20-A-09-099.03 to CMS - Closed Implemented
Closed on 09/10/2020
We recommended that Grand Desert Psychiatric Services implement policies and procedures to ensure that psychotherapy services billed to Medicare are adequately documented, including the time spent on those services.

20-A-09-099.04 to CMS - Closed Implemented
Closed on 09/10/2020
We recommended that Grand Desert Psychiatric Services strengthen management oversight and review Medicare claims to ensure that psychotherapy services billed to Medicare meet incident-to requirements.

20-A-09-099.05 to CMS - Closed Implemented
Closed on 09/10/2020
We recommended that Grand Desert Psychiatric Services improve its billing system to ensure that Medicare claims identify the correct provider of psychotherapy services.

20-A-09-099.06 to CMS - Closed Implemented
Closed on 09/10/2020
We recommended that Grand Desert Psychiatric Services strengthen management oversight to ensure that psychotherapy services billed to Medicare were actually provided and have supporting documentation.

View in Recommendation Tracker

23-A-09-068.01 to CMS - Closed Implemented
Closed on 08/26/2024
We recommend that the Centers for Medicare & Medicaid Services work with the MACs to recover $35,560 in improper payments made to providers for the 128 sampled enrollee days that did not meet Medicare requirements. 

23-A-09-068.02 to CMS - Closed Implemented
Closed on 08/10/2023
We recommend that the Centers for Medicare & Medicaid Services work with the MACs to based upon the results of this audit, notify appropriate providers (i.e., those for whom CMS determines this audit constitutes credible information of potential overpayments) so that the providers can exercise reasonable diligence to identify, report, and return any overpayments in accordance with the 60-day rule and identify any of those returned overpayments as having been made in accordance with this recommendation.
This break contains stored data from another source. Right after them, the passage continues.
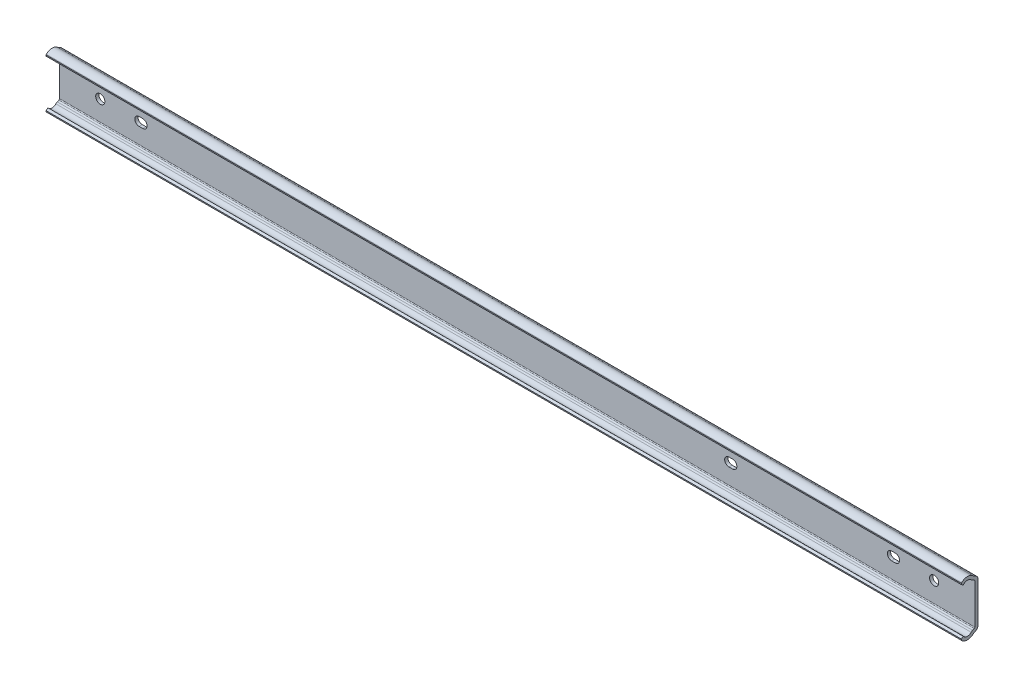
ISO-10303-21;
HEADER;
FILE_DESCRIPTION(('STEP AP214'),'2;1');
FILE_NAME('part.step','',(''),(''),'','','');
FILE_SCHEMA(('AUTOMOTIVE_DESIGN { 1 0 10303 214 1 1 1 1 }'));
ENDSEC;
DATA;
#1=APPLICATION_CONTEXT('core data for automotive mechanical design processes');
#2=APPLICATION_PROTOCOL_DEFINITION('international standard','automotive_design',2000,#1);
#3=PRODUCT_CONTEXT('',#1,'mechanical');
#4=PRODUCT('Part','Part','',(#3));
#5=PRODUCT_RELATED_PRODUCT_CATEGORY('part','',(#4));
#6=PRODUCT_DEFINITION_FORMATION('','',#4);
#7=PRODUCT_DEFINITION_CONTEXT('part definition',#1,'design');
#8=PRODUCT_DEFINITION('design','',#6,#7);
#9=PRODUCT_DEFINITION_SHAPE('','',#8);
#10=(LENGTH_UNIT() NAMED_UNIT(*) SI_UNIT(.MILLI.,.METRE.));
#11=(NAMED_UNIT(*) PLANE_ANGLE_UNIT() SI_UNIT($,.RADIAN.));
#12=(NAMED_UNIT(*) SI_UNIT($,.STERADIAN.) SOLID_ANGLE_UNIT());
#13=UNCERTAINTY_MEASURE_WITH_UNIT(LENGTH_MEASURE(1.E-05),#10,'distance_accuracy_value','');
#14=(GEOMETRIC_REPRESENTATION_CONTEXT(3) GLOBAL_UNCERTAINTY_ASSIGNED_CONTEXT((#13)) GLOBAL_UNIT_ASSIGNED_CONTEXT((#10,
#11,#12)) REPRESENTATION_CONTEXT('',''));
#15=CARTESIAN_POINT('',(0.,0.,0.));
#16=DIRECTION('',(0.,0.,1.));
#17=DIRECTION('',(1.,0.,0.));
#18=AXIS2_PLACEMENT_3D('',#15,#16,#17);
#19=CARTESIAN_POINT('',(-20.,9.85313395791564,1.54999999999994));
#20=DIRECTION('',(0.,0.,1.));
#21=DIRECTION('',(-1.,0.,0.));
#22=AXIS2_PLACEMENT_3D('',#19,#20,#21);
#23=PLANE('',#22);
#24=DIRECTION('',(0.,-1.,0.));
#25=VECTOR('',#24,1.);
#26=CARTESIAN_POINT('',(-20.,9.85313395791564,1.54999999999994));
#27=LINE('',#26,#25);
#28=CARTESIAN_POINT('',(-20.,9.85313395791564,1.54999999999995));
#29=VERTEX_POINT('',#28);
#30=CARTESIAN_POINT('',(-20.,-9.85313395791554,1.54999999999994));
#31=VERTEX_POINT('',#30);
#32=EDGE_CURVE('E510',#29,#31,#27,.T.);
#33=ORIENTED_EDGE('',*,*,#32,.T.);
#34=DIRECTION('',(1.,0.,0.));
#35=VECTOR('',#34,1.);
#36=CARTESIAN_POINT('',(-20.,-9.85313395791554,1.54999999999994));
#37=LINE('',#36,#35);
#38=CARTESIAN_POINT('',(430.,-9.85313395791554,1.54999999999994));
#39=VERTEX_POINT('',#38);
#40=EDGE_CURVE('E524',#31,#39,#37,.T.);
#41=ORIENTED_EDGE('',*,*,#40,.T.);
#42=DIRECTION('',(0.,-1.,0.));
#43=VECTOR('',#42,1.);
#44=CARTESIAN_POINT('',(430.,9.85313395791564,1.54999999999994));
#45=LINE('',#44,#43);
#46=CARTESIAN_POINT('',(430.,9.85313395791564,1.54999999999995));
#47=VERTEX_POINT('',#46);
#48=EDGE_CURVE('E435',#47,#39,#45,.T.);
#49=ORIENTED_EDGE('',*,*,#48,.F.);
#50=DIRECTION('',(1.,0.,0.));
#51=VECTOR('',#50,1.);
#52=CARTESIAN_POINT('',(-20.,9.85313395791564,1.54999999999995));
#53=LINE('',#52,#51);
#54=EDGE_CURVE('E526',#29,#47,#53,.T.);
#55=ORIENTED_EDGE('',*,*,#54,.F.);
#56=EDGE_LOOP('',(#33,#41,#49,#55));
#57=FACE_BOUND('',#56,.T.);
#58=CARTESIAN_POINT('',(20.9,0.,1.54999999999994));
#59=DIRECTION('',(0.,0.,1.));
#60=DIRECTION('',(-1.,0.,0.));
#61=AXIS2_PLACEMENT_3D('',#58,#59,#60);
#62=CIRCLE('',#61,2.1);
#63=CARTESIAN_POINT('',(20.9,-2.1,1.54999999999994));
#64=VERTEX_POINT('',#63);
#65=CARTESIAN_POINT('',(20.9,2.1,1.54999999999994));
#66=VERTEX_POINT('',#65);
#67=EDGE_CURVE('E31',#64,#66,#62,.T.);
#68=ORIENTED_EDGE('',*,*,#67,.F.);
#69=DIRECTION('',(1.,0.,0.));
#70=VECTOR('',#69,1.);
#71=CARTESIAN_POINT('',(20.9,-2.1,1.54999999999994));
#72=LINE('',#71,#70);
#73=CARTESIAN_POINT('',(19.1,-2.1,1.54999999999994));
#74=VERTEX_POINT('',#73);
#75=EDGE_CURVE('E277',#74,#64,#72,.T.);
#76=ORIENTED_EDGE('',*,*,#75,.F.);
#77=CARTESIAN_POINT('',(19.1,0.,1.54999999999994));
#78=DIRECTION('',(0.,0.,1.));
#79=DIRECTION('',(-1.,0.,0.));
#80=AXIS2_PLACEMENT_3D('',#77,#78,#79);
#81=CIRCLE('',#80,2.1);
#82=CARTESIAN_POINT('',(19.1,2.1,1.54999999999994));
#83=VERTEX_POINT('',#82);
#84=EDGE_CURVE('E262',#83,#74,#81,.T.);
#85=ORIENTED_EDGE('',*,*,#84,.F.);
#86=DIRECTION('',(-1.,0.,0.));
#87=VECTOR('',#86,1.);
#88=CARTESIAN_POINT('',(20.9,2.1,1.54999999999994));
#89=LINE('',#88,#87);
#90=EDGE_CURVE('E271',#66,#83,#89,.T.);
#91=ORIENTED_EDGE('',*,*,#90,.F.);
#92=EDGE_LOOP('',(#68,#76,#85,#91));
#93=FACE_BOUND('',#92,.T.);
#94=CARTESIAN_POINT('',(310.9,0.,1.54999999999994));
#95=DIRECTION('',(0.,0.,1.));
#96=DIRECTION('',(-1.,0.,0.));
#97=AXIS2_PLACEMENT_3D('',#94,#95,#96);
#98=CIRCLE('',#97,2.1);
#99=CARTESIAN_POINT('',(310.9,-2.09999999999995,1.54999999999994));
#100=VERTEX_POINT('',#99);
#101=CARTESIAN_POINT('',(310.9,2.10000000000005,1.54999999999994));
#102=VERTEX_POINT('',#101);
#103=EDGE_CURVE('E293',#100,#102,#98,.T.);
#104=ORIENTED_EDGE('',*,*,#103,.F.);
#105=DIRECTION('',(1.,0.,0.));
#106=VECTOR('',#105,1.);
#107=CARTESIAN_POINT('',(310.9,-2.09999999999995,1.54999999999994));
#108=LINE('',#107,#106);
#109=CARTESIAN_POINT('',(309.1,-2.09999999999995,1.54999999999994));
#110=VERTEX_POINT('',#109);
#111=EDGE_CURVE('E303',#110,#100,#108,.T.);
#112=ORIENTED_EDGE('',*,*,#111,.F.);
#113=CARTESIAN_POINT('',(309.1,0.,1.54999999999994));
#114=DIRECTION('',(0.,0.,1.));
#115=DIRECTION('',(-1.,0.,0.));
#116=AXIS2_PLACEMENT_3D('',#113,#114,#115);
#117=CIRCLE('',#116,2.1);
#118=CARTESIAN_POINT('',(309.1,2.10000000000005,1.54999999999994));
#119=VERTEX_POINT('',#118);
#120=EDGE_CURVE('E300',#119,#110,#117,.T.);
#121=ORIENTED_EDGE('',*,*,#120,.F.);
#122=DIRECTION('',(-1.,0.,0.));
#123=VECTOR('',#122,1.);
#124=CARTESIAN_POINT('',(310.9,2.10000000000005,1.54999999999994));
#125=LINE('',#124,#123);
#126=EDGE_CURVE('E297',#102,#119,#125,.T.);
#127=ORIENTED_EDGE('',*,*,#126,.F.);
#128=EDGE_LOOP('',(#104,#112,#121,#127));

23-A-09-068.03 to CMS - Closed Implemented
Closed on 09/30/2024
Now that CMS has reinstituted most program integrity measures, we also recommend that CMS take the following steps, which if in effect during the audit period could have saved Medicare an estimated $579,667,510 during that period: Conduct medical reviews of psychotherapy services, including services provided via telehealth, to verify that the services are documented and billed in accordance with Medicare requirements.

23-A-09-068.04 to CMS - Closed Implemented
Closed on 02/02/2024
Now that CMS has reinstituted most program integrity measures, we also recommend that CMS take the following steps, which if in effect during the audit period could have saved Medicare an estimated $579,667,510 during that period: Implement system edits for psychotherapy services, including services provided via telehealth, to prevent payments for services that were billed incorrectly.

23-A-09-068.05 to CMS - Closed Implemented
Closed on 09/30/2024
Now that CMS has reinstituted most program integrity measures, we also recommend that CMS take the following steps, which if in effect during the audit period could have saved Medicare an estimated $579,667,510 during that period: Strengthen educational efforts to make providers aware of educational materials on how to meet Medicare requirements and guidance for psychotherapy services, including services provided via telehealth.

23-A-09-068.06 to CMS - Closed Acceptable Alternative
Closed on 09/29/2025
Now that CMS has reinstituted most program integrity measures, we also recommend that CMS work with the MACs to take the following steps, which if in effect during the audit period could have saved Medicare an estimated $579,667,510 during that period: Review MAC jurisdictions' LCD requirements for psychotherapy services to identify which provisions effectively promote program integrity, and consider additional steps that CMS could undertake to ensure appropriate coverage and payment for psychotherapy services across all jurisdictions.